Early life (conception, pregnancy, infancy and childhood) environmental factors program fetal and child growth and development with long-term consequences for later health and disease risk, the Developmental Origins of Health and Disease (DOHaD) concept. At least 18% of diabetes prevalence can be accounted for by intrauterine growth restriction (IUGR) which results in reduced pancreatic β-cell mass and insulin resistance in adulthood. Poor placental function is responsible for the majority of clinical IUGR in developed countries like Australia. In addition, having an obese father or mother increases the risks of metabolic dysfunction in offspring. The percentage of couples of reproductive age who are overweight or obese is increasing to such an extent that it is the predominant situation in many countries including Australia.
Because prevention of IUGR remains difficult, developing interventions in the offspring to prevent diabetes after IUGR is important. In addition, although improving diet and increased physical activity in the obese mother before and during pregnancy or in the obese father prior to conception can be protective for the offspring, this strategy is likely to be limited by poor adherence to lifestyle interventions in adults. Therefore, again, interventions in offspring are important.

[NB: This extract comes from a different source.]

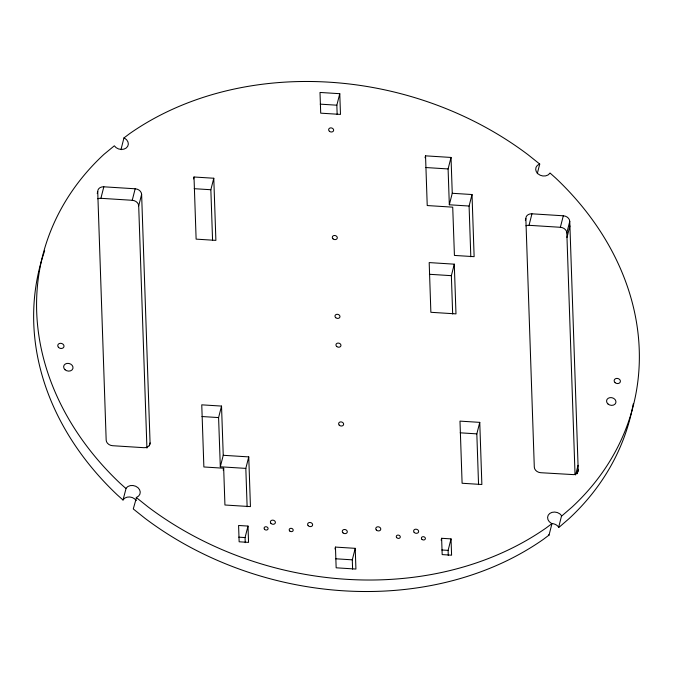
<?xml version="1.0" encoding="UTF-8"?>
<svg xmlns="http://www.w3.org/2000/svg" width="673" height="673" viewBox="0 0 673 673"><rect width="100%" height="100%" fill="white"/><g stroke="black" fill="none" stroke-linecap="round" stroke-linejoin="round"><path stroke-width="1.01" d="M97.24 193.504L97.728 191.586A6.351 5.106 14.3 0 1 103.827 186.808L135.172 188.785A6.351 5.106 14.3 0 1 141.624 194.362L150.071 442.91L149.339 445.787M97.778 198.804A6.351 5.106 14.3 0 1 100.9 198.308L103.827 186.808M537.29 173.634L539.729 164.052L527.901 154.613A304.692 245.241 14.3 0 0 129.595 133.675L123.958 137.915L121.031 149.406L121.594 149.642M146.924 448.117L138.697 205.854A6.351 5.106 14.3 0 0 132.244 200.285L135.172 188.785M138.697 205.854L141.624 194.362M193.521 178.909L194.009 176.999L213.778 178.244L215.89 240.379L196.121 239.134L194.009 176.999M44.662 250.802A304.692 245.241 14.3 0 0 117.27 494.891L123.008 500.014L126.162 488.076A7.613 6.133 14.3 0 1 138.007 487.723A7.613 6.133 14.3 0 1 136.552 497.355L133.271 508.948L145.099 518.387A304.692 245.241 14.3 0 0 543.405 539.325L549.042 535.085L551.969 523.594L551.406 523.358A7.613 6.133 14.3 0 1 549.732 513.474A7.613 6.133 14.3 0 1 561.602 515.686L558.674 527.186A7.613 6.133 14.3 0 0 552.112 523.569M212.575 240.488L210.851 189.736L213.778 178.244M220.315 466.784L218.59 417.58L221.526 406.08L201.757 404.835L203.869 466.969L223.68 468.223L224.933 505.002L250.44 506.609L248.749 456.9L223.243 455.293L220.315 466.784L245.822 468.391L248.749 456.9M223.192 470.133L223.68 468.223M337.156 114.519L336.845 105.198L339.772 93.698L320.003 92.453L320.71 113.165L340.479 114.41L339.772 93.698M245.241 542.665L245.065 537.567L248.001 526.076L238.587 525.478L239.142 541.79L248.556 542.388L248.001 526.076M425.05 157.751L425.538 155.842L451.028 157.448L452.248 193.286L449.32 204.777L469.089 206.031L472.017 194.531L452.248 193.286M334.969 549.008L335.457 547.09L355.226 548.335L355.924 569.055L336.155 567.802L335.457 547.09M449.32 204.777L448.1 168.94L451.028 157.448M352.61 569.156L352.29 559.835L355.226 548.335M452.668 313.988L451.364 275.669L454.292 264.169L429.189 262.588L430.871 312.297L455.983 313.879L454.292 264.169M441.135 540.2L441.623 538.291L451.036 538.88L451.591 555.191L442.178 554.594L441.623 538.291M525.369 220.508L525.857 218.599A6.351 5.106 14.3 0 1 531.956 213.812L563.309 215.789A6.351 5.106 14.3 0 1 569.762 221.367L578.208 469.914L577.232 473.742M525.916 225.808A6.351 5.106 14.3 0 1 529.028 225.312L531.956 213.812M478.553 484.61L476.829 433.866L479.756 422.366L459.987 421.121L462.099 483.256L481.868 484.501L479.756 422.366M448.277 555.477L448.109 550.379L451.036 538.88M575.045 474.709L566.826 232.858A6.351 5.106 14.3 0 0 560.373 227.289L563.309 215.789M566.826 232.858L569.762 221.367M566.986 237.46L569.913 225.96M575.608 474.894L578.048 465.312M123.008 500.014L123.235 499.576A7.613 6.133 14.3 0 1 136.282 500.594M561.753 515.989L571.983 507.139A304.692 245.241 14.3 0 0 555.73 178.109L549.992 172.986L549.765 173.424A7.613 6.133 14.3 0 1 537.929 173.785A7.613 6.133 14.3 0 1 539.376 164.145L539.729 164.052M558.826 527.489L569.055 518.639A304.692 245.241 14.3 0 0 633.243 403.909M551.969 523.594L546.333 527.825A304.692 245.241 14.3 0 1 148.026 506.887L136.198 497.448M320.197 104.147L336.845 105.198M425.673 167.527L448.1 168.94M194.203 188.692L210.851 189.736M100.9 198.308L132.244 200.285M529.028 225.312L560.373 227.289M429.391 274.281L451.364 275.669M201.942 416.528L218.59 417.58M460.181 432.815L476.829 433.866M238.789 537.172L245.065 537.567M441.833 549.984L448.109 550.379M335.642 558.783L352.29 559.835M123.958 137.915L124.522 138.15A7.613 6.133 14.3 0 1 126.196 148.026A7.613 6.133 14.3 0 1 114.326 145.814L103.945 154.361A304.692 245.241 14.3 0 0 120.198 483.391L125.935 488.522M548.478 534.85L549.042 535.085M525.857 218.599L534.303 467.146A6.351 5.106 14.3 0 0 540.755 472.715L573.724 474.625A6.351 5.106 14.3 0 0 578.208 469.914M472.017 194.531L474.129 256.665L454.426 255.429L452.719 207.158L427.229 205.551L425.538 155.842M469.089 206.031L470.814 256.775M245.822 468.391L247.126 506.71M221.526 406.08L223.243 455.293M97.728 191.586L106.174 440.142A6.351 5.106 14.3 0 0 112.627 445.711L143.972 447.688A6.351 5.106 14.3 0 0 150.071 442.91M615.114 382.668A3.172 2.557 14.3 0 0 620.321 381.852A3.172 2.557 14.3 0 0 616.384 378.428A3.172 2.557 14.3 0 0 615.114 382.668M608.022 404.019A4.761 3.836 14.3 0 0 615.837 402.774A4.761 3.836 14.3 0 0 609.906 397.65A4.761 3.836 14.3 0 0 608.022 404.019M65.088 369.771A4.761 3.836 14.3 0 0 72.903 368.526A4.761 3.836 14.3 0 0 66.972 363.412A4.761 3.836 14.3 0 0 65.088 369.771M58.408 347.268A3.172 2.557 14.3 0 0 63.792 347.1A3.172 2.557 14.3 0 0 60.435 343.297A3.172 2.557 14.3 0 0 58.408 347.268M270.891 523.291A2.541 2.044 14.3 0 0 275.207 523.207A2.541 2.044 14.3 0 0 272.573 520.128A2.541 2.044 14.3 0 0 270.891 523.291M308.125 525.638A2.541 2.044 14.3 0 0 312.44 525.554A2.541 2.044 14.3 0 0 309.799 522.475A2.541 2.044 14.3 0 0 308.125 525.638M414.139 532.343A2.541 2.044 14.3 0 0 418.455 532.259A2.541 2.044 14.3 0 0 415.813 529.18A2.541 2.044 14.3 0 0 414.139 532.343M376.274 529.937A2.541 2.044 14.3 0 0 380.59 529.853A2.541 2.044 14.3 0 0 377.948 526.774A2.541 2.044 14.3 0 0 376.274 529.937M329.417 131.294A2.541 2.044 14.3 0 0 333.581 130.629A2.541 2.044 14.3 0 0 330.426 127.904A2.541 2.044 14.3 0 0 329.417 131.294M335.751 317.706A2.541 2.044 14.3 0 0 339.915 317.042A2.541 2.044 14.3 0 0 336.761 314.316A2.541 2.044 14.3 0 0 335.751 317.706M343.062 532.915A2.541 2.044 14.3 0 0 347.234 532.25A2.541 2.044 14.3 0 0 344.071 529.516A2.541 2.044 14.3 0 0 343.062 532.915M336.727 346.502A2.541 2.044 14.3 0 0 340.9 345.838A2.541 2.044 14.3 0 0 337.737 343.104A2.541 2.044 14.3 0 0 336.727 346.502M339.2 425.117A2.541 2.044 14.3 0 0 343.491 424.873A2.541 2.044 14.3 0 0 340.706 421.887A2.541 2.044 14.3 0 0 339.2 425.117M333.076 238.898A2.541 2.044 14.3 0 0 337.24 238.234A2.541 2.044 14.3 0 0 334.077 235.508A2.541 2.044 14.3 0 0 333.076 238.898M264.481 529.247A2.027 1.632 14.3 0 0 267.938 529.197A2.027 1.632 14.3 0 0 265.852 526.732A2.027 1.632 14.3 0 0 264.481 529.247M289.811 531.056A2.027 1.632 14.3 0 0 293.15 530.526A2.027 1.632 14.3 0 0 290.618 528.339A2.027 1.632 14.3 0 0 289.811 531.056M396.683 537.609A2.027 1.632 14.3 0 0 400.141 537.542A2.027 1.632 14.3 0 0 398.029 535.085A2.027 1.632 14.3 0 0 396.683 537.609M422.013 539.41A2.027 1.632 14.3 0 0 425.344 538.88A2.027 1.632 14.3 0 0 422.812 536.701A2.027 1.632 14.3 0 0 422.013 539.41"/></g></svg>

In a retrospective study of >1400 adults, indirect measures of higher rates of physical activity in children or adolescents were associated with lower rates of T2D and hypertension in adulthood (Fernandes & Zanesco, 2010). Also, children in the highest quartile of moderate-to-vigorous physical activity at 5 y old had lower fat mass at 8 and 11 y compared with those in the lowest activity quartile, even if they returned to a sedentary lifestyle. Early life exercise also protects susceptible rats against obesity and metabolic disease in later life. In rats that develop diet-induced obesity when fed a high fat diet, three weeks of relatively low intensity exercise training immediately after weaning prevented the onset of obesity for ≥10 weeks after exercise training finished (Patterson, Dunn-Meynell & Levin, 2008). Similarly, exercise from 7 to 15 weeks of age completely protected obesity- and diabetes- prone Otsuka·Long-Evans-Tokushima Fatty rats from developing diabetes at 28 weeks old (Shim et al., 1996).
Remarkably, we found that exercise early in life (from 5-9 weeks) normalized β-cell mass at 6 months of age in IUGR Wistar-Kyoto rats, despite no exercise being performed after 9 weeks of age (Laker et al., 2011). This was despite the fact that there was only a modest increase in β-cell mass in IUGR rats at 9 weeks of age, immediately after the exercise training, and β-cell mass at this age was not restored to that of control rats (Laker et al., 2011). We have also now extended this work to show that exercise early in life (from 5 weeks of age until 9 weeks of age) can overcome some of the negative effects of paternal obesity on ex vivo insulin-stimulated skeletal muscle glucose uptake and increase skeletal muscle mitochondrial function in female adult progeny.
Fernandes RA & Zanesco A. (2010). Early physical activity promotes lower prevalence of chronic diseases in adulthood. Hypertens Res 33, 926-931.
Laker RC, Gallo LA, Wlodek ME, Siebel AL, Wadley G & McConell GK. (2011). Short-term exercise training early in life restores deficits in pancreatic beta-cell mass associated with growth restriction in adult male rats. Am J Physiol Endocrinol Metab 301, E931-940.
Patterson CM, Dunn-Meynell AA & Levin BE (2008). Three weeks of early-onset exercise prolongs obesity resistance in DIO rats after exercise cessation. Am J Physiol Regul Integr Comp Physiol 294, R290-301.